La blondinette accepta sa main et Bill tenta d'ignorer que ses doigts étaient glacés et qu'elle était exactement comme toutes ces gamines dans tout bon film d'horreur qui se respecte. Il avait l'habitude des comportements étranges, mais parfois les patients avaient vraiment un tout petit quelque chose de flippant.
Il conduisit alors la petite fille, descendant les escaliers afin de rejoindre le rez-de-chaussée. Arrivés à l'accueil, il demanda, mais personne ne semblait la reconnaître. Le réceptionniste demanda son nom, qu'il ne connaissait pas, évidemment. Bill soupira et regarda distraitement autour de lui. Vu sa tenue, c'était forcément une patiente ici. Il allait juste devoir faire le tour de tous les médecins pour trouver à qui elle appartenait. Plus qu'à remonter !

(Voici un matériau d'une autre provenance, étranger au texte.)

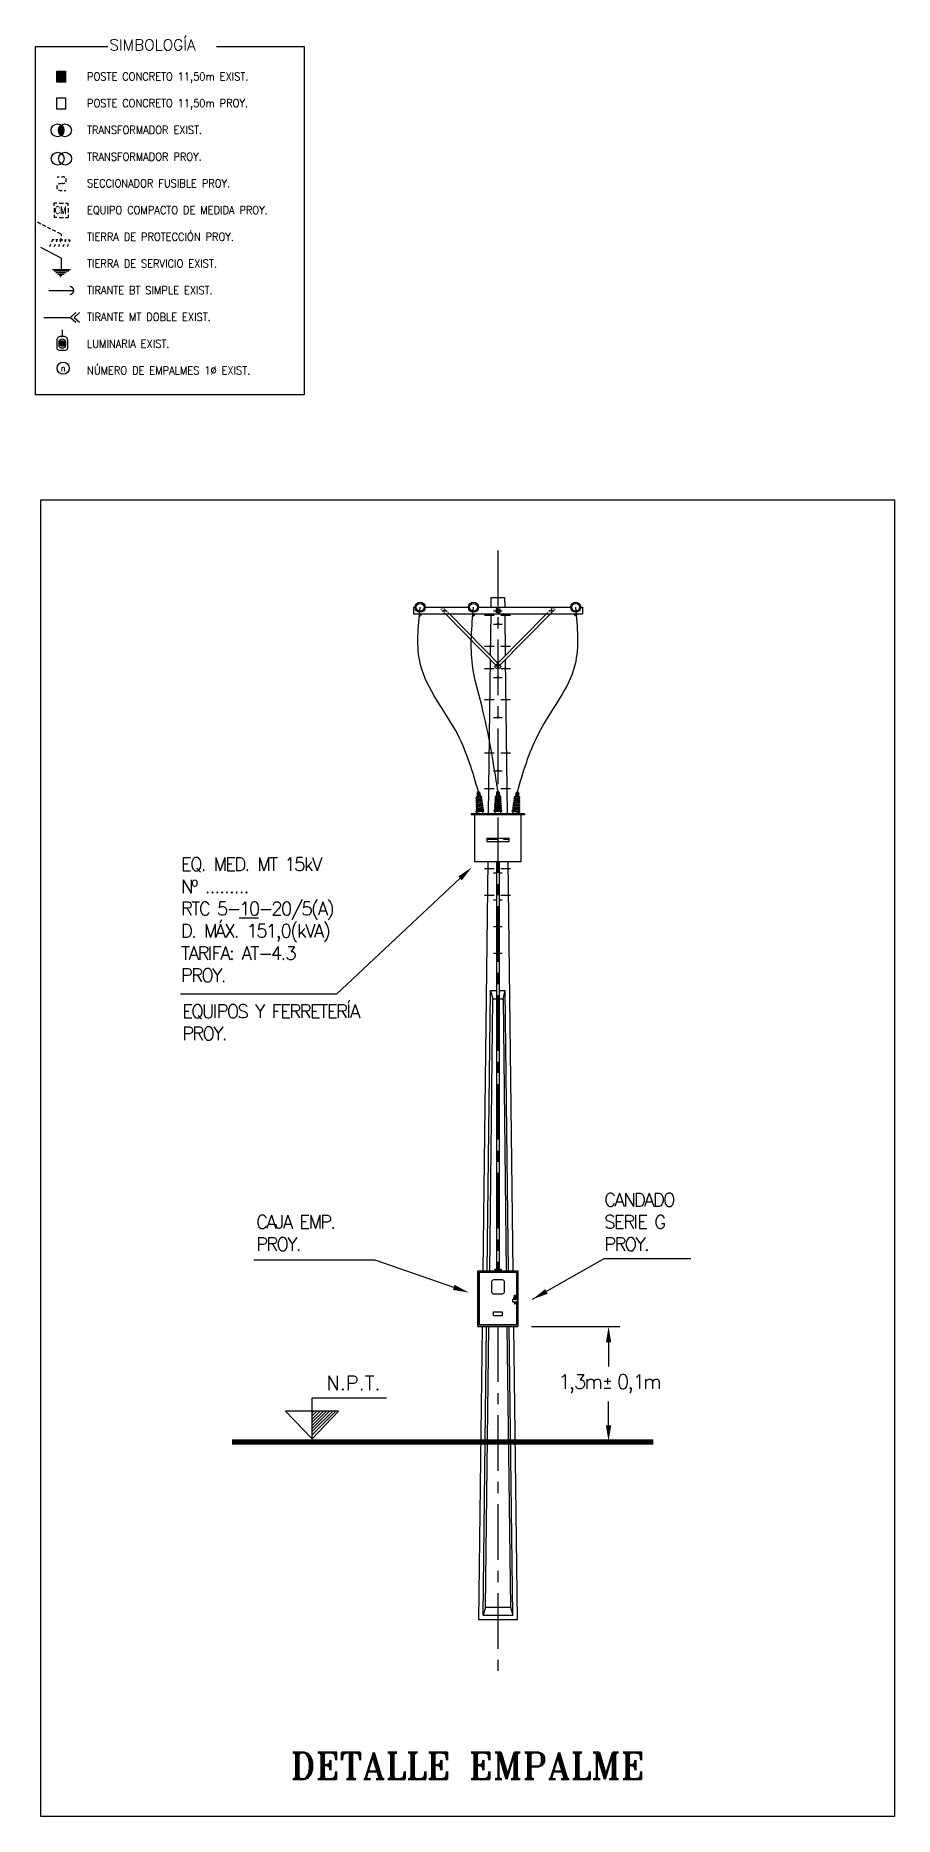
# Model space of a CAD drawing. Extents: x 0 to 349712, y 0 to 6275741.
# Drawn here: x 338794.8 to 338891.4, y 6273149.8 to 6273350.1 of the extents above; entities that cross this region are included whole.
import ezdxf
from ezdxf.enums import TextEntityAlignment as Align

# ---------------------------------------------------------------- set-up
doc = ezdxf.new("R2010")
doc.units = 0
doc.header["$LTSCALE"] = 5
doc.linetypes.add('CENTER', pattern=[2, 1.25, -0.25, 0.25, -0.25])
doc.linetypes.add('HIDDEN', pattern=[0.375, 0.25, -0.125])
for name, color, linetype in [('COTAS', 11, 'Continuous'), ('DIBUJO', 2, 'Continuous'), ('EQUIPOS', 240, 'Continuous'), ('EQUIPOS_E', 240, 'Continuous'), ('EQUIPOS_P', 240, 'Continuous'), ('ESTRUCTURAS', 42, 'Continuous'), ('ESTRUCTURAS_E', 42, 'Continuous'), ('ESTRUCTURAS_P', 42, 'Continuous'), ('FORMATO', 20, 'Continuous'), ('POSTES_E', 41, 'Continuous'), ('POSTES_P', 41, 'Continuous'), ('TEXTO', 2, 'Continuous')]:
    doc.layers.add(name, color=color, linetype=linetype)
doc.styles.add('ROMANS', font='romans.shx', dxfattribs={"height": 1})
doc.styles.add('ROMANT', font='romant.shx', dxfattribs={"height": 2})
doc.dimstyles.new('COTA 1000', dxfattribs={"dimtxt": 1.8, "dimasz": 1.8, "dimexe": 2.5, "dimexo": 2.5, "dimgap": 1.2, "dimtad": 0, "dimtih": 1, "dimtoh": 1, "dimdec": 0, "dimzin": 0, "dimdsep": 46, "dimtxsty": 'ROMANS', "dimcen": 0, "dimclrd": 11, "dimclre": 11, "dimclrt": 256, "dimadec": 0, "dimazin": 0, "dimtfac": 1, "dimtdec": 0, "dimtofl": 0, "dimtmove": 0, "dimatfit": 3, "dimfxlon": 1, "dimtfill": 1, "dimtolj": 1, "dimtzin": 0, "dimarcsym": 0})

# ---------------------------------------------------------------- blocks, each defined once
blk = doc.blocks.new('NPT')
at = {"color": 0}
for p, q in [((0, 0.75), (0.8, 1.55)), ((0, 0.57), (0.98, 1.55)), ((0, 0.4), (1.16, 1.55)), ((0, 0.22), (1.33, 1.55)), ((0, 1.46), (0.1, 1.55)), ((0, 1.28), (0.27, 1.55)), ((0, 1.1), (0.45, 1.55)), ((0, 0.93), (0.63, 1.55))]:
    blk.add_line(p, q, dxfattribs=at)
blk.add_lwpolyline([(0, 0), (0, 2.3), (4.18, 2.3)])
blk.add_lwpolyline([(-1.49, 1.55), (0, 0), (1.49, 1.55)], close=True)
at = {"style": 'ROMANS'}
blk.add_text('N.P.T.', height=0.8, dxfattribs=at).set_placement((0.8, 2.73))
blk = doc.blocks.new('*U47')
blk.add_wipeout([(-0.83, 1.45), (-2.28, 1.45), (-2.28, -1.25), (-1.57, -1.25), (-1.56, -1.25), (-1.55, -1.26), (-1.53, -1.27), (-1.51, -1.28), (-1.5, -1.29), (-1.48, -1.3), (-1.46, -1.3), (-1.45, -1.31), (-1.43, -1.32), (-1.41, -1.33), (-1.4, -1.33), (-1.38, -1.34), (-1.36, -1.35), (-1.35, -1.35), (-1.33, -1.36), (-1.31, -1.37), (-1.3, -1.37), (-1.28, -1.38), (-1.26, -1.38), (-1.24, -1.39), (-1.23, -1.39), (-1.21, -1.4), (-1.19, -1.4), (-1.17, -1.41), (-1.16, -1.41), (-1.14, -1.42), (-1.12, -1.42), (-1.1, -1.42), (-1.08, -1.43), (-1.07, -1.43), (-1.05, -1.43), (-1.03, -1.44), (-1.01, -1.44), (-0.99, -1.44), (-0.98, -1.44), (-0.96, -1.44), (-0.94, -1.45), (-0.92, -1.45), (-0.9, -1.45), (-0.89, -1.45), (-0.87, -1.45), (-0.85, -1.45), (-0.83, -1.45), (0.83, -1.45), (0.85, -1.45), (0.87, -1.45), (0.89, -1.45), (0.9, -1.45), (0.92, -1.45), (0.94, -1.45), (0.96, -1.44), (0.98, -1.44), (0.99, -1.44), (1.01, -1.44), (1.03, -1.44), (1.05, -1.43), (1.07, -1.43), (1.08, -1.43), (1.1, -1.42), (1.12, -1.42), (1.14, -1.42), (1.16, -1.41), (1.17, -1.41), (1.19, -1.4), (1.21, -1.4), (1.23, -1.39), (1.24, -1.39), (1.26, -1.38), (1.28, -1.38), (1.3, -1.37), (1.31, -1.37), (1.33, -1.36), (1.35, -1.35), (1.36, -1.35), (1.38, -1.34), (1.4, -1.33), (1.41, -1.33), (1.43, -1.32), (1.45, -1.31), (1.46, -1.3), (1.48, -1.3), (1.5, -1.29), (1.51, -1.28), (1.53, -1.27), (1.55, -1.26), (1.56, -1.25), (1.57, -1.25), (2.28, -1.25), (2.28, 1.45), (0.83, 1.45), (0.81, 1.45), (0.79, 1.45), (0.78, 1.45), (0.76, 1.45), (0.74, 1.45), (0.72, 1.45), (0.7, 1.44), (0.69, 1.44), (0.67, 1.44), (0.65, 1.44), (0.63, 1.44), (0.61, 1.43), (0.59, 1.43), (0.58, 1.43), (0.56, 1.42), (0.54, 1.42), (0.52, 1.42), (0.51, 1.41), (0.49, 1.41), (0.47, 1.4), (0.45, 1.4), (0.43, 1.39), (0.42, 1.39), (0.4, 1.38), (0.38, 1.38), (0.37, 1.37), (0.35, 1.37), (0.33, 1.36), (0.31, 1.35), (0.3, 1.35), (0.28, 1.34), (0.26, 1.33), (0.25, 1.33), (0.23, 1.32), (0.21, 1.31), (0.2, 1.3), (0.18, 1.3), (0.16, 1.29), (0.15, 1.28), (0.13, 1.27), (0.12, 1.26), (0.1, 1.25), (0.08, 1.24), (0.07, 1.23), (0.05, 1.22), (0.04, 1.21), (0.02, 1.2), (0.01, 1.19), (0, 1.19), (-0.01, 1.19), (-0.02, 1.2), (-0.04, 1.21), (-0.05, 1.22), (-0.07, 1.23), (-0.08, 1.24), (-0.1, 1.25), (-0.12, 1.26), (-0.13, 1.27), (-0.15, 1.28), (-0.16, 1.29), (-0.18, 1.3), (-0.2, 1.3), (-0.21, 1.31), (-0.23, 1.32), (-0.25, 1.33), (-0.26, 1.33), (-0.28, 1.34), (-0.3, 1.35), (-0.31, 1.35), (-0.33, 1.36), (-0.35, 1.37), (-0.37, 1.37), (-0.38, 1.38), (-0.4, 1.38), (-0.42, 1.39), (-0.43, 1.39), (-0.45, 1.4), (-0.47, 1.4), (-0.49, 1.41), (-0.51, 1.41), (-0.52, 1.42), (-0.54, 1.42), (-0.56, 1.42), (-0.58, 1.43), (-0.59, 1.43), (-0.61, 1.43), (-0.63, 1.44), (-0.65, 1.44), (-0.67, 1.44), (-0.69, 1.44), (-0.7, 1.44), (-0.72, 1.45), (-0.74, 1.45), (-0.76, 1.45), (-0.78, 1.45), (-0.79, 1.45), (-0.81, 1.45)])
at = {"layer": 'EQUIPOS_E'}
h = blk.add_hatch(color=256, dxfattribs=at)
edge = h.paths.add_edge_path()
edge.add_arc((-0.83, 0), 1.45, 304.9538, 360)
edge.add_arc((-0.83, 0), 1.45, 359.9988, 415.0488)
edge.add_arc((0.83, 0), 1.45, 124.9511, 180.0013)
edge.add_arc((0.83, 0), 1.45, 179.9956, 235.0506)
for centre in [(-0.83, 0), (0.83, 0)]:
    blk.add_circle(centre, 1.45, dxfattribs=at)
blk = doc.blocks.new('PC-11-5_P')
blk.add_wipeout([(-1, 1.25), (1, 1.25), (1, -1.25), (-1, -1.25)]).dxf.layer = 'POSTES_E'
at = {"layer": 'POSTES_E'}
blk.add_lwpolyline([(-1, 1.25), (1, 1.25), (1, -1.25), (-1, -1.25)], close=True, dxfattribs=at)
blk = doc.blocks.new('*U49')
blk.add_wipeout([(-1.6, -1.6), (-1.6, 1.6), (1.6, 1.6), (1.6, -1.6)])
at = {"layer": 'EQUIPOS'}
for p, q in [((-0.99, 1.6), (-1.6, 1.6)), ((-1.6, 0.99), (-1.6, 1.6)), ((-1.6, 0.49), (-1.6, -0.49)), ((-0.49, 1.6), (0.49, 1.6)), ((0.99, 1.6), (1.6, 1.6)), ((1.6, 0.99), (1.6, 1.6)), ((1.6, 0.49), (1.6, -0.49)), ((-1.6, -0.99), (-1.6, -1.6)), ((-0.99, -1.6), (-1.6, -1.6)), ((-0.49, -1.6), (0.49, -1.6)), ((0.99, -1.6), (1.6, -1.6)), ((1.6, -0.99), (1.6, -1.6))]:
    blk.add_line(p, q, dxfattribs=at)
at = {"layer": 'EQUIPOS', "style": 'ROMANS', "width": 0.8}
blk.add_text('CM', height=1.683, dxfattribs=at).set_placement((-1.43, -0.81))
blk = doc.blocks.new('*U48')
at = {"layer": 'ESTRUCTURAS_E', "ltscale": 3}
for p, q in [((1.53, -0.76), (0, 0)), ((3.83, -1.92), (2.31, -1.15)), ((6.06, -3.03), (4.53, -2.27)), ((6.77, -7.95), (6.37, -9)), ((7.62, -7.95), (6.77, -7.95)), ((8.36, -4.18), (6.84, -3.42)), ((9.19, -7.95), (8.24, -7.95)), ((8.78, -7.95), (8.38, -9)), ((10.7, -5.35), (9.1, -4.55)), ((9.97, -7.95), (11.43, -7.95)), ((10.7, -7.95), (10.3, -9)), ((10.7, -5.35), (10.7, -6.22)), ((10.7, -7.95), (10.7, -7.06)), ((12.21, -7.95), (13.16, -7.95)), ((12.68, -7.95), (12.29, -9)), ((13.78, -7.95), (14.63, -7.95)), ((14.63, -7.95), (14.23, -9)), ((5.67, -10.86), (6.08, -9.78)), ((7.68, -10.86), (8.09, -9.78)), ((9.6, -10.86), (10.01, -9.78)), ((11.59, -10.86), (11.99, -9.78)), ((13.54, -10.86), (13.94, -9.78))]:
    blk.add_line(p, q, dxfattribs=at)
blk = doc.blocks.new('*U23')
at = {"layer": 'ESTRUCTURAS_E'}
blk.add_line((0, 0), (7.5, 0), dxfattribs=at)
blk.add_arc((6.27, 0), 1.23, 273.2033, 86.7967, dxfattribs=at)
blk = doc.blocks.new('*U50')
at = {"layer": 'ESTRUCTURAS_E'}
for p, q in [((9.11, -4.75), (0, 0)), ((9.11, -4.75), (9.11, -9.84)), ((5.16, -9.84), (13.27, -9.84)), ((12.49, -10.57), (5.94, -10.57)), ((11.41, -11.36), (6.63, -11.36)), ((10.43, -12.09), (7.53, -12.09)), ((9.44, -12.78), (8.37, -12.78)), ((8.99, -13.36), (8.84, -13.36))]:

Le premier médecin ne la reconnut pas, le second non plus, inquiétant l'androgyne qui commençait à se demander d'où sortait cette enfant. Et si elle était seule ? Non, c'était impossible. Il y avait bien quelqu'un qui avait sa charge, quelque part dans cet hôpital.
« Oh mon dieu, Clara ! »
Bill tourna vivement la tête. Une femme fonça soudain sur la fillette et celle-ci fut forcée de lui lâcher la main lorsqu'elle se retrouva serrée et portée par d'autres bras.
« C'est votre fille ? » ; demanda-t-il rapidement.
« Oui ! Elle s'est enfuie avant ses examens, on la cherchait partout. » ; un médecin, qu'il connaissait très peu, les rejoignit, l'air soulagé. Bill soupira autant qu'eux, pensant qu'ils avaient été à deux doigts d'une catastrophe. Si elle avait réussi à sortir de l'hôpital ou si elle s'était réfugiée sans qu'on ne la trouve, ça aurait été un désastre. Surtout pour les parents inquiets.
**
« Votre fils souffre de troubles obsessionnels compulsifs. »
Choc, angoisse, tristesse. Bill vit toutes les émotions traverser le visage des parents. Habitué, il se mit aussitôt à expliquer en quoi consistaient ces troubles, comment ils évoluaient, comment les traiter.
« Ce sont des Tocs. Presque tout le monde en a, mais ça devient sérieux quand c'est vraiment obsessionnel. Par exemple, votre fils compte pratiquement tout ce qui l'entoure, ça le rend nerveux et il s'énerve quand il pense être perdu. Il recommence jusqu'à ce qu'il ait tout compté et recommencera s'il a oublié. À partir du moment où ça l'angoisse, il a besoin d'aide. »
« Alors qu'est-ce que vous comptez faire ? » ; demanda la mère avec appréhension.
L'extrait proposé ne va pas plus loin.